╔══

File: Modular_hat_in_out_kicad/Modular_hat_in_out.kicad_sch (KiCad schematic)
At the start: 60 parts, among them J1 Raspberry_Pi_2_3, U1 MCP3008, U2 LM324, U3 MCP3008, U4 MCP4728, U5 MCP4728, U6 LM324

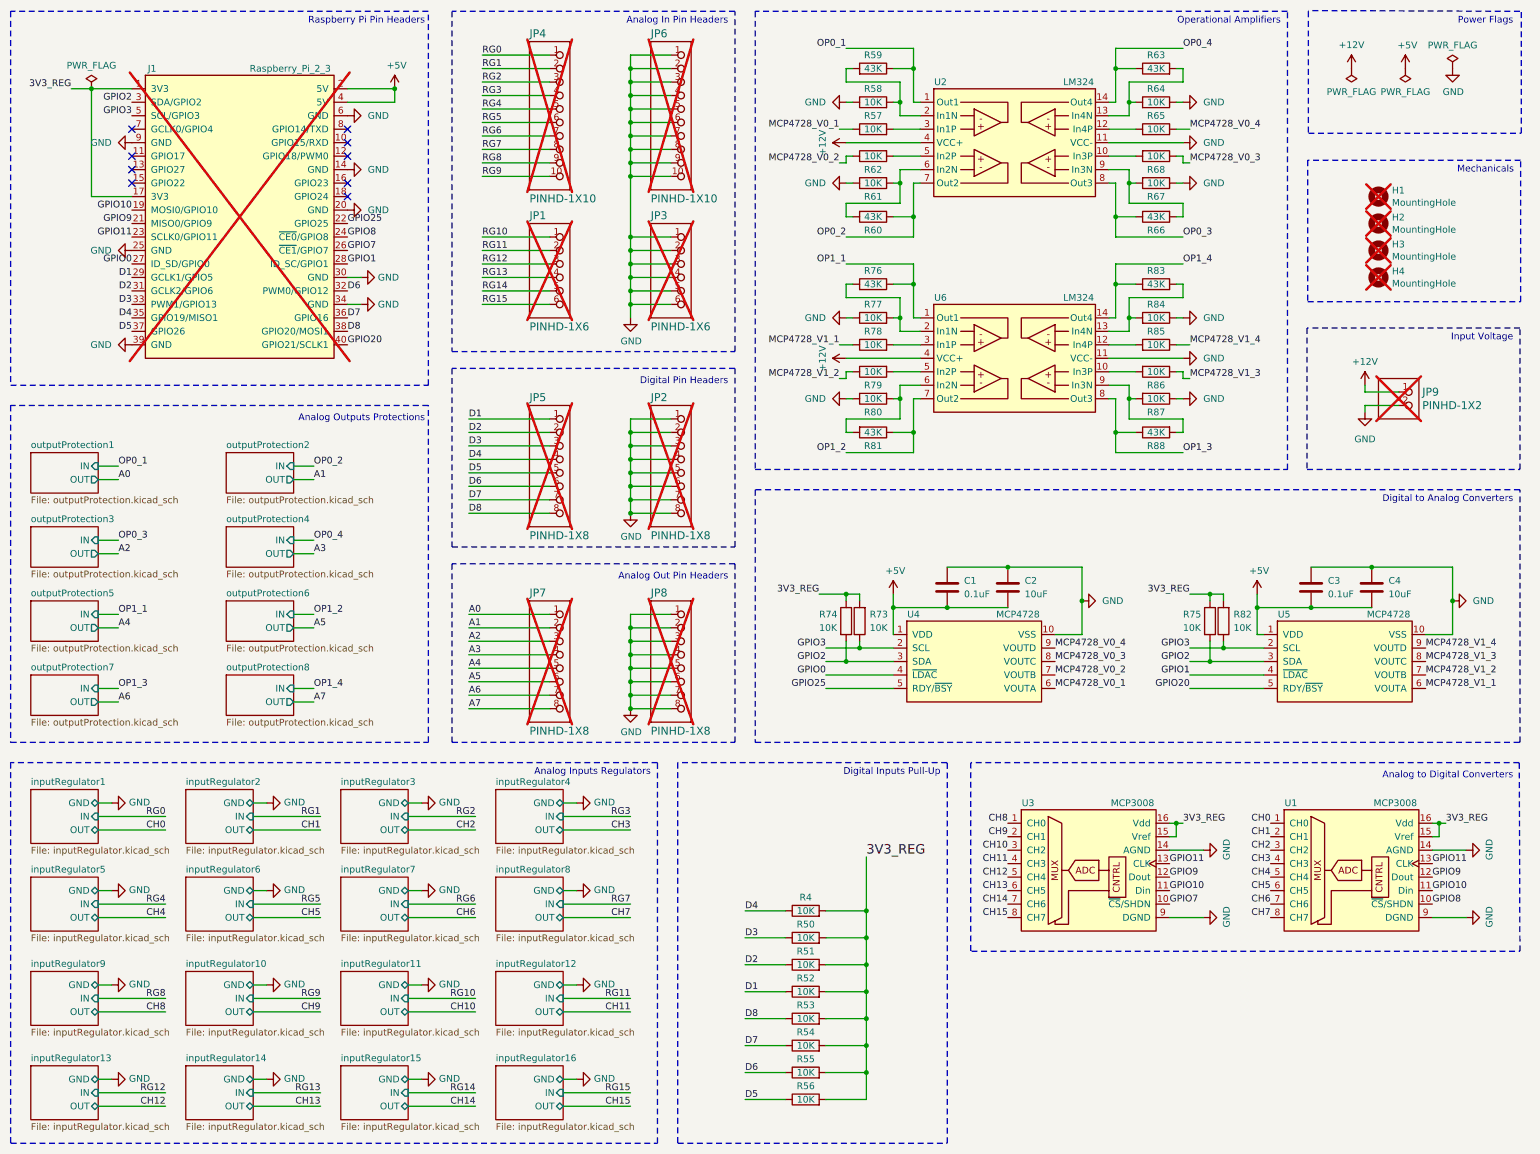
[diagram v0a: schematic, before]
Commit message: [ADD] 5V Input voltage in schematics + clean
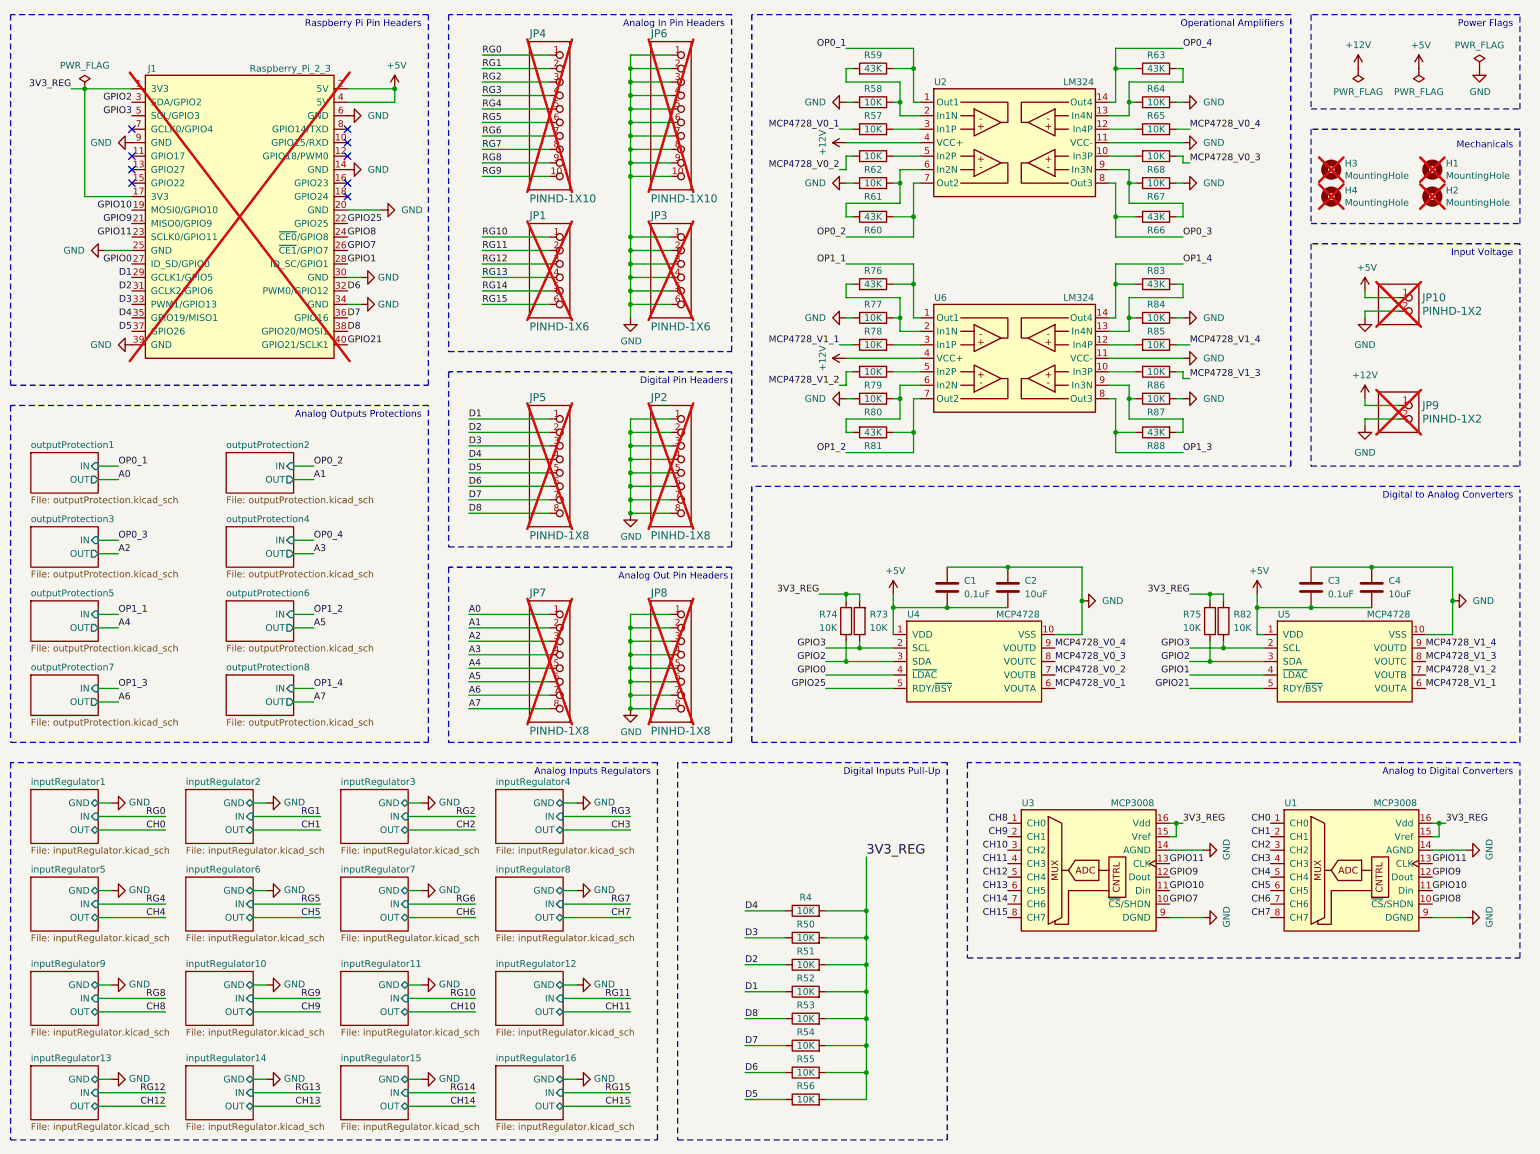
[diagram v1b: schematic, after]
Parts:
- added JP10: PINHD-1X2, Modular Shield:1X02-BIG, symbol Modular Shield:PINHD-1X2
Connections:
- net +5V: now also JP10.1
- net GND: now also JP10.2
- net GPIO20 renamed GPIO21
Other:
- moved on the sheet: H1, H2, H3, H4, JP9

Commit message: [ADD] New Revision 1.1
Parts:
- U1, U3: JLCPCB Position Offset 0, -0.16 -> (none); JLCPCB Rotation Offset 270 -> (none); Position Offset (none) -> 0, -0.0; Rotation Offset (none) -> 270
- U2, U6: JLCPCB Rotation Offset 270 -> (none); Rotation Offset (none) -> 270
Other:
- title: Modular Hat -> Pigeons
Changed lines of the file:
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@@
 	(paper "User" 317.627 242.138)
 	(title_block
-		(title "Modular Hat")
-		(date "2024-08-21")
-		(rev "1.0")
+		(title "Pigeons")
+		(date "2025-10-28")
+		(rev "1.1")
 	)
 	(text "Analog Outputs Protections"
@@
 			)
 		)
-		(property "JLCPCB Rotation Offset" "270"
+		(property "Position Offset" "0, -0.0"
 			(at 269.24 175.26 0)
 			(effects
@@
 			)
 		)
-		(property "JLCPCB Position Offset" "0, -0.16"
+		(property "Rotation Offset" "270"
 			(at 269.24 175.26 0)
 			(effects
@@
 			)
 		)
-		(property "JLCPCB Rotation Offset" "270"
+		(property "Position Offset" "0, -0.0"
 			(at 219.71 175.26 0)
 			(effects
@@
 			)
 		)
-		(property "JLCPCB Position Offset" "0, -0.16"
+		(property "Rotation Offset" "270"
 			(at 219.71 175.26 0)
 			(effects
@@
 			)
 		)
-		(property "JLCPCB Rotation Offset" "270"
+		(property "Rotation Offset" "270"
 			(at 205.74 76.2 0)
 			(effects
@@
 			)
 		)
-		(property "JLCPCB Rotation Offset" "270"
+		(property "Rotation Offset" "270"
 			(at 205.74 35.56 0)
 			(effects

╚══

## Brief
Reproduce each line of the records exactly, omitting any picture.

## Output of the exercise
File: Modular_hat_in_out_kicad/Modular_hat_in_out.kicad_sch (KiCad schematic)
At the start: 60 parts, among them J1 Raspberry_Pi_2_3, U1 MCP3008, U2 LM324, U3 MCP3008, U4 MCP4728, U5 MCP4728, U6 LM324

[diagram v0a: schematic, before]
Commit message: [ADD] 5V Input voltage in schematics + clean
[diagram v1b: schematic, after]
Parts:
- added JP10: PINHD-1X2, Modular Shield:1X02-BIG, symbol Modular Shield:PINHD-1X2
Connections:
- net +5V: now also JP10.1
- net GND: now also JP10.2
- net GPIO20 renamed GPIO21
Other:
- moved on the sheet: H1, H2, H3, H4, JP9

Commit message: [ADD] New Revision 1.1
Parts:
- U1, U3: JLCPCB Position Offset 0, -0.16 -> (none); JLCPCB Rotation Offset 270 -> (none); Position Offset (none) -> 0, -0.0; Rotation Offset (none) -> 270
- U2, U6: JLCPCB Rotation Offset 270 -> (none); Rotation Offset (none) -> 270
Other:
- title: Modular Hat -> Pigeons
Changed lines of the file:
@@
 	(paper "User" 317.627 242.138)
 	(title_block
-		(title "Modular Hat")
-		(date "2024-08-21")
-		(rev "1.0")
+		(title "Pigeons")
+		(date "2025-10-28")
+		(rev "1.1")
 	)
 	(text "Analog Outputs Protections"
@@
 			)
 		)
-		(property "JLCPCB Rotation Offset" "270"
+		(property "Position Offset" "0, -0.0"
 			(at 269.24 175.26 0)
 			(effects
@@
 			)
 		)
-		(property "JLCPCB Position Offset" "0, -0.16"
+		(property "Rotation Offset" "270"
 			(at 269.24 175.26 0)
 			(effects
@@
 			)
 		)
-		(property "JLCPCB Rotation Offset" "270"
+		(property "Position Offset" "0, -0.0"
 			(at 219.71 175.26 0)
 			(effects
@@
 			)
 		)
-		(property "JLCPCB Position Offset" "0, -0.16"
+		(property "Rotation Offset" "270"
 			(at 219.71 175.26 0)
 			(effects
@@
 			)
 		)
-		(property "JLCPCB Rotation Offset" "270"
+		(property "Rotation Offset" "270"
 			(at 205.74 76.2 0)
 			(effects
@@
 			)
 		)
-		(property "JLCPCB Rotation Offset" "270"
+		(property "Rotation Offset" "270"
 			(at 205.74 35.56 0)
 			(effects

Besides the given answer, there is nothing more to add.